I believe I've picked up a figure here and there by them, but these days I can't really swing $100-250 for a figure. I have too many things I collect or do. I collect any pop culture item that involves one or more of my interests, including but not limited to action figures, lunch boxes, non-poseable figurines, pins, vinyl/records, concert posters, rare dvds/blu-rays, Lego kits, board games... so yeah, my discretionary fund is stretched so thin that I have to be pretty picky. In particular crossover items... Lord of the Rings & Lego, or Harley Davidson / Barbie are really hard to resist. I just saw there's a Klingon version of Monopoly that's looking pretty cool too.

Batman is one of my faves tho' and it's been killing me not picking up that first Hot Toys 12" Joker, with all the grenades w/ the line going through all the pins...really nice work.


----------



## FunkierThanU (May 17, 2013)

trev-hw-aus said:


> hey guys sorry if i posted this in the wrong section... im not usually a action figure type fan but i am a huge batman fan... my uncle was showing me the hottoys heath ledger joker he just bought and i thought wow thats awesome so i was wondering what others are out there? i know i could just google it and find out but i want to know what you guys think of them and if you are a collector which one is your favourite? they all look awesome in photos but its easy to talk something up when your trying to sell it lol
> 
> thanx :wave:


I believe there are 4 or 5 Heath Ledger Jokers from Hot Toys, so far: the first Hot Toys 12" one had the outfit he wore to the gangster meeting with the purple jacket, and the inside had all the grenades with the pins all hooked up to one common string. Then they did one with him in the cop disguise from when he tried to take out Gordon & Dent at the police parade. The most recent is one with him wearing the shirt / vest set he was wearing when Bats came to 'interview' him in the holding cell. There's also a bank robber version from the heist at the start of the flic. Those are from their 'DX' line & run close to $300, assuming you got one when they first came out. I believe there's also a less accessorized 'basic' version not from the DX line that was around $150-175 when it came out. It had a more normal looking box w/ photos on it instead of the ritzy looking purple box.

Now the amusing thing is there's an even fancier & more expensive version out there: the Masterpiece HD version from Enterbay. Look that one up, it's crazy! Retail for around $400+ !!!
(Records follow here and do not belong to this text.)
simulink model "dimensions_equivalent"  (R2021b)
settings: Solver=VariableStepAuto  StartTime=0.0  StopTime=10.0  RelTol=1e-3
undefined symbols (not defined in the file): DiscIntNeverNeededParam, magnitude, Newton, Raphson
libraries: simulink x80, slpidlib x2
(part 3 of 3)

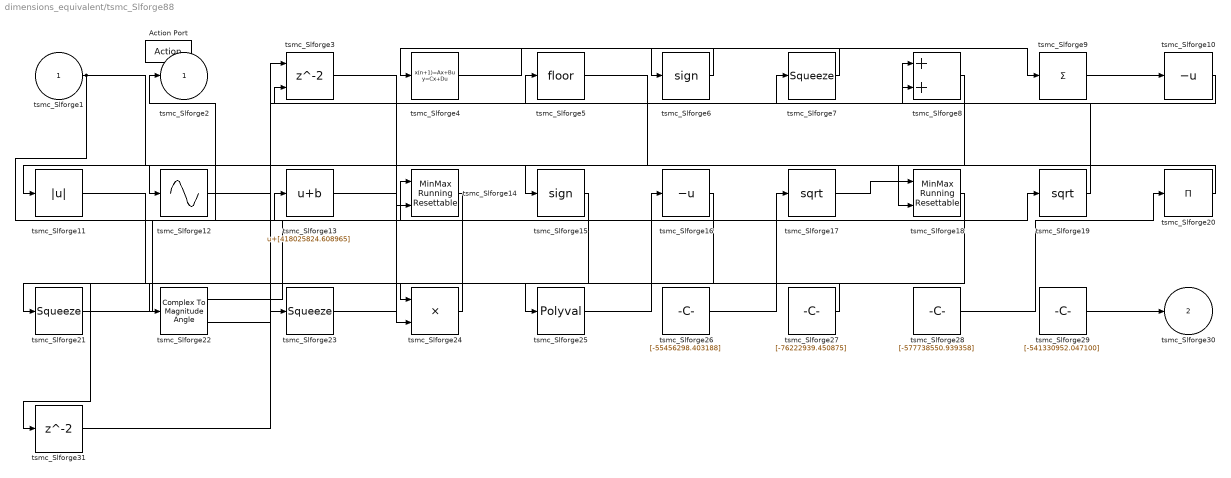
== system dimensions_equivalent/tsmc_Slforge88 ==
  tsmc_Slforge1 : Inport
  Action Port : ActionPort  ActionPortLabel=if { }
  tsmc_Slforge10 : UnaryMinus
  tsmc_Slforge11 : Abs
  tsmc_Slforge12 : Sin  TimeSource=Use external signal  SampleTime=0
  tsmc_Slforge13 : Bias  Bias=[418025824.608965]
  tsmc_Slforge14 : simulink/Math Operations/MinMax Running Resettable  Function=min  vinit=0.0
  tsmc_Slforge15 : Signum
  tsmc_Slforge16 : UnaryMinus
  tsmc_Slforge17 : Sqrt  SaturateOnIntegerOverflow=on
  tsmc_Slforge18 : simulink/Math Operations/MinMax Running Resettable  Function=min  vinit=0.0
  tsmc_Slforge19 : Sqrt  SaturateOnIntegerOverflow=on
  tsmc_Slforge20 : Product  Inputs=*
  tsmc_Slforge21 : Squeeze
  tsmc_Slforge22 : ComplexToMagnitudeAngle
  tsmc_Slforge23 : Squeeze
  tsmc_Slforge24 : Product
  tsmc_Slforge25 : Polyval  Coefs=[ +2.081618890e-019, -1.441693666e-014, +4.719686976e-010, -8.536869453e-006, +1.621573104e-001, -8.087801117e+001 ]
  tsmc_Slforge26 : Constant  Value=[-55456298.403188]  SampleTime=1
  tsmc_Slforge27 : Constant  Value=[-76222939.450875]  SampleTime=1
  tsmc_Slforge28 : Constant  Value=[-577738550.939358]  SampleTime=1
  tsmc_Slforge29 : Constant  Value=[-541330952.047100]  SampleTime=1
  tsmc_Slforge3 : Delay  ShowEnablePort=on
      settings: InputPortMap=u0,e6
  tsmc_Slforge31 : Delay
  tsmc_Slforge4 : DiscreteStateSpace  SampleTime=-1
  tsmc_Slforge5 : Rounding
  tsmc_Slforge6 : Signum
  tsmc_Slforge7 : Squeeze
  tsmc_Slforge8 : Sum
  tsmc_Slforge9 : Sum  Inputs=+
  tsmc_Slforge2 : Outport  VectorParamsAs1DForOutWhenUnconnected=off
  tsmc_Slforge30 : Outport  Port=2  VectorParamsAs1DForOutWhenUnconnected=off
  wires:
  tsmc_Slforge20/1 -> tsmc_Slforge11/1
  tsmc_Slforge1/1 -> tsmc_Slforge19/1, tsmc_Slforge15/1
  tsmc_Slforge6/1 -> tsmc_Slforge4/1
  tsmc_Slforge27/1 -> tsmc_Slforge25/1
  tsmc_Slforge25/1 -> tsmc_Slforge16/1
  tsmc_Slforge21/1 -> tsmc_Slforge13/1
  tsmc_Slforge10/1 -> tsmc_Slforge5/1
  tsmc_Slforge12/1 -> tsmc_Slforge23/1
  tsmc_Slforge22/1 -> tsmc_Slforge14/1
  tsmc_Slforge8/1 -> tsmc_Slforge12/1
  tsmc_Slforge3/1 -> tsmc_Slforge14/2
  tsmc_Slforge26/1 -> tsmc_Slforge17/1
  tsmc_Slforge24/1 -> tsmc_Slforge2/1
  tsmc_Slforge16/1 -> tsmc_Slforge22/1
  tsmc_Slforge11/1 -> tsmc_Slforge24/1
  tsmc_Slforge7/1 -> tsmc_Slforge6/1
  tsmc_Slforge23/1 -> tsmc_Slforge7/1
  tsmc_Slforge18/1 -> tsmc_Slforge24/2
  tsmc_Slforge28/1 -> tsmc_Slforge20/1
  tsmc_Slforge9/1 -> tsmc_Slforge10/1
  tsmc_Slforge15/1 -> tsmc_Slforge21/1
  tsmc_Slforge4/1 -> tsmc_Slforge9/1
  tsmc_Slforge29/1 -> tsmc_Slforge30/1
  tsmc_Slforge19/1 -> tsmc_Slforge3/2
  tsmc_Slforge13/1 -> tsmc_Slforge8/1
  tsmc_Slforge17/1 -> tsmc_Slforge18/1
  tsmc_Slforge5/1 -> tsmc_Slforge18/2
  tsmc_Slforge22/2 -> tsmc_Slforge8/2
  tsmc_Slforge14/1 -> tsmc_Slforge31/1
  tsmc_Slforge31/1 -> tsmc_Slforge3/1

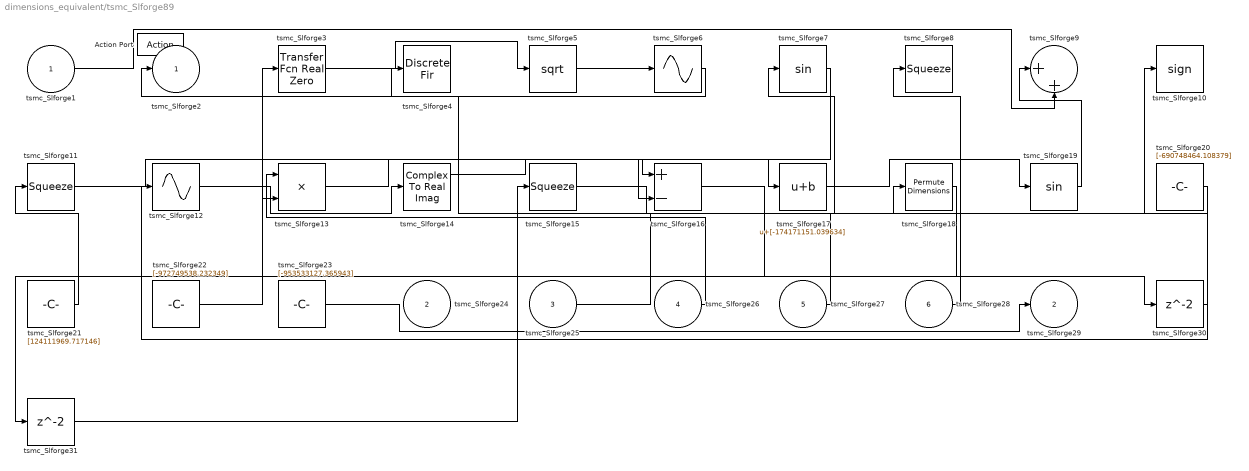
== system dimensions_equivalent/tsmc_Slforge89 ==
  tsmc_Slforge1 : Inport
  tsmc_Slforge24 : Inport  Port=2
  tsmc_Slforge25 : Inport  Port=3
  tsmc_Slforge26 : Inport  Port=4
  tsmc_Slforge27 : Inport  Port=5
  tsmc_Slforge28 : Inport  Port=6
  Action Port : ActionPort  ActionPortLabel=else { }
  tsmc_Slforge10 : Signum
  tsmc_Slforge11 : Squeeze
  tsmc_Slforge12 : Sin  TimeSource=Use external signal  SampleTime=0
  tsmc_Slforge13 : Product  Inputs=**
  tsmc_Slforge14 : ComplexToRealImag
  tsmc_Slforge15 : Squeeze
  tsmc_Slforge16 : Sum  Inputs=+-
  tsmc_Slforge17 : Bias  Bias=[-174171151.039634]
  tsmc_Slforge18 : PermuteDimensions
  tsmc_Slforge19 : Trigonometry
  tsmc_Slforge20 : Constant  Value=[-690748464.108379]  SampleTime=1
  tsmc_Slforge21 : Constant  Value=[124111969.717146]  SampleTime=1
  tsmc_Slforge22 : Constant  Value=[-972749538.232349]  SampleTime=1
  tsmc_Slforge23 : Constant  Value=[-953533127.365943]  SampleTime=1
  tsmc_Slforge3 : simulink/Discrete/Transfer Fcn Real Zero  ZeroZ=0.75  ICPrevInput=0.0  DoSatur=off
      settings: SourceProductBaseCode=SL
  tsmc_Slforge30 : Delay
  tsmc_Slforge31 : Delay
  tsmc_Slforge4 : DiscreteFir
  tsmc_Slforge5 : Sqrt  SaturateOnIntegerOverflow=on
  tsmc_Slforge6 : Sin  TimeSource=Use external signal  SampleTime=0
  tsmc_Slforge7 : Trigonometry
  tsmc_Slforge8 : Squeeze
  tsmc_Slforge9 : Sum  Inputs=|++
  tsmc_Slforge2 : Outport  VectorParamsAs1DForOutWhenUnconnected=off
  tsmc_Slforge29 : Outport  Port=2  VectorParamsAs1DForOutWhenUnconnected=off
  wires:
  tsmc_Slforge11/1 -> tsmc_Slforge17/1
  tsmc_Slforge5/1 -> tsmc_Slforge6/1
  tsmc_Slforge15/1 -> tsmc_Slforge18/1
  tsmc_Slforge28/1 -> tsmc_Slforge8/1
  tsmc_Slforge17/1 -> tsmc_Slforge19/1
  tsmc_Slforge21/1 -> tsmc_Slforge11/1
  tsmc_Slforge23/1 -> tsmc_Slforge29/1
  tsmc_Slforge6/1 -> tsmc_Slforge2/1
  tsmc_Slforge26/1 -> tsmc_Slforge13/1
  tsmc_Slforge19/1 -> tsmc_Slforge9/1
  tsmc_Slforge3/1 -> tsmc_Slforge5/1
  tsmc_Slforge12/1 -> tsmc_Slforge14/1
  tsmc_Slforge27/1 -> tsmc_Slforge4/1
  tsmc_Slforge25/1 -> tsmc_Slforge10/1
  tsmc_Slforge20/1 -> tsmc_Slforge12/1
  tsmc_Slforge13/1 -> tsmc_Slforge16/1
  tsmc_Slforge1/1 -> tsmc_Slforge9/2
  tsmc_Slforge22/1 -> tsmc_Slforge3/1
  tsmc_Slforge14/1 -> tsmc_Slforge16/2
  tsmc_Slforge7/1 -> tsmc_Slforge13/2
  tsmc_Slforge16/1 -> tsmc_Slforge30/1
  tsmc_Slforge30/1 -> tsmc_Slforge7/1
  tsmc_Slforge18/1 -> tsmc_Slforge31/1
  tsmc_Slforge31/1 -> tsmc_Slforge15/1

== system dimensions_equivalent/tsmc_Slforge90 ==
  tsmc_Slforge1 : Inport
  tsmc_Slforge23 : Inport  Port=2
  tsmc_Slforge24 : Inport  Port=3
  tsmc_Slforge25 : Inport  Port=4
  tsmc_Slforge26 : Inport  Port=5
  Action Port : ActionPort  ActionPortLabel=if { }
  tsmc_Slforge10 : Product  Inputs=*
  tsmc_Slforge11 : Rounding
  tsmc_Slforge12 : DotProduct  InputSameDT=on  OutDataTypeStr=Inherit: Inherit via internal rule
  tsmc_Slforge13 : Sum  Inputs=|++
  tsmc_Slforge14 : Squeeze
  tsmc_Slforge15 : Reshape
  tsmc_Slforge16 : Math  Operator=log  SignedPower=on  SaturateOnIntegerOverflow=on
  tsmc_Slforge17 : Trigonometry
  tsmc_Slforge18 : Sum  Inputs=+
  tsmc_Slforge19 : MinMax  Inputs=3
  tsmc_Slforge20 : Bias  Bias=[159828129.616630]
  tsmc_Slforge21 : MinMax  Function=max  Inputs=3
  tsmc_Slforge22 : Constant  Value=[-157254162.791757]  SampleTime=1
  tsmc_Slforge3 : simulink/Discrete/Transfer Fcn Lead or Lag  PoleZ=0.95  ZeroZ=0.75  ICPrevOutput=0.0  ICPrevInput=0.0  DoSatur=off
      settings: SourceProductBaseCode=SL
  tsmc_Slforge4 : DiscreteFilter
  tsmc_Slforge5 : Delay
  tsmc_Slforge6 : simulink/Continuous/PID Controller  Controller=PID  TimeDomain=Discrete-time  SampleTime=-1  IntegratorMethod=Forward Euler  FilterMethod=Forward Euler  Form=Parallel  UseFilter=on  ControllerParametersSource=internal  P=1  I=1  D=0  N=100  InitialConditionSource=internal  InitialConditionForIntegrator=0  InitialConditionForFilter=0  ExternalReset=none  LimitOutput=off  UpperSaturationLimit=inf  LowerSaturationLimit=-inf  LinearizeAsGain=off  AntiWindupMode=none  Kb=1  TrackingMode=off  Kt=1  PParamMin=[]  PParamMax=[]  IParamMin=[]  IParamMax=[]  DParamMin=[]  DParamMax=[]  NParamMin=[]  NParamMax=[]  KbParamMin=[]  KbParamMax=[]  KtParamMin=[]  KtParamMax=[]  POutMin=[]  POutMax=[]  IOutMin=[]  IOutMax=[]  DOutMin=[]  DOutMax=[]  NOutMin=[]  NOutMax=[]  KbOutMin=[]  KbOutMax=[]  KtOutMin=[]  KtOutMax=[]  IntegratorOutMin=[]  IntegratorOutMax=[]  FilterOutMin=[]  FilterOutMax=[]  SumOutMin=[]  SumOutMax=[]  SumI1OutMin=[]  SumI1OutMax=[]  SumI2OutMin=[]  SumI2OutMax=[]  SumI3OutMin=[]  SumI3OutMax=[]  SumDOutMin=[]  SumDOutMax=[]  SaturationOutMin=[]  SaturationOutMax=[]  IntegratorContinuousStateAttributes=''  IntegratorStateMustResolveToSignalObject=off  IntegratorRTWStateStorageClass=Auto  FilterContinuousStateAttributes=''  FilterStateMustResolveToSignalObject=off  FilterRTWStateStorageClass=Auto  DifferentiatorICPrevScaledInput=0  DifferentiatorOutMin=[]  DifferentiatorOutMax=[]  FilterDiffOutCoefMin=[]  FilterDiffOutCoefMax=[]  SumDenOutMin=[]  SumDenOutMax=[]  SumNumOutMin=[]  SumNumOutMax=[]  ReciprocalOutMin=[]  ReciprocalOutMax=[]  DivideOutMin=[]  DivideOutMax=[]  TunerSelectOption=Transfer Function Based (PID Tuner App)
  tsmc_Slforge7 : DotProduct  InputSameDT=on  OutDataTypeStr=Inherit: Inherit via internal rule
  tsmc_Slforge8 : Product
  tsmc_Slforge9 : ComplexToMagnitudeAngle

Michael's Toy Reviews has got reviews or guest reviews for all of those and more if you search 'Joker' on his archives. I'd link it but I've not made enough posts to insert links yet 
I think they all look great and they're all *way* out of my action figure price range. I think the most I've coughed up for a figure was around $150 for the 1/12th scale Balrog (but that was a lot more plastic for the money, being almost 3' tall!)


----------



## d_jedi1 (Jan 20, 2007)

I have a few of their figures. No Jokers nor Batmans but I bought their Platoon figures, Indiana Jones, and I have Obi-Wan Kenobi on preorder.
They have a number of other figures that were released as carded nude bodies(no name but you can tell who they are) and I have a few figures from those as well.
(President Obama, Terrence Howard, Dominic Purcell, Wentworth Miller, Prince Harry, Wesley Snipes) Just off the top of my head.


----------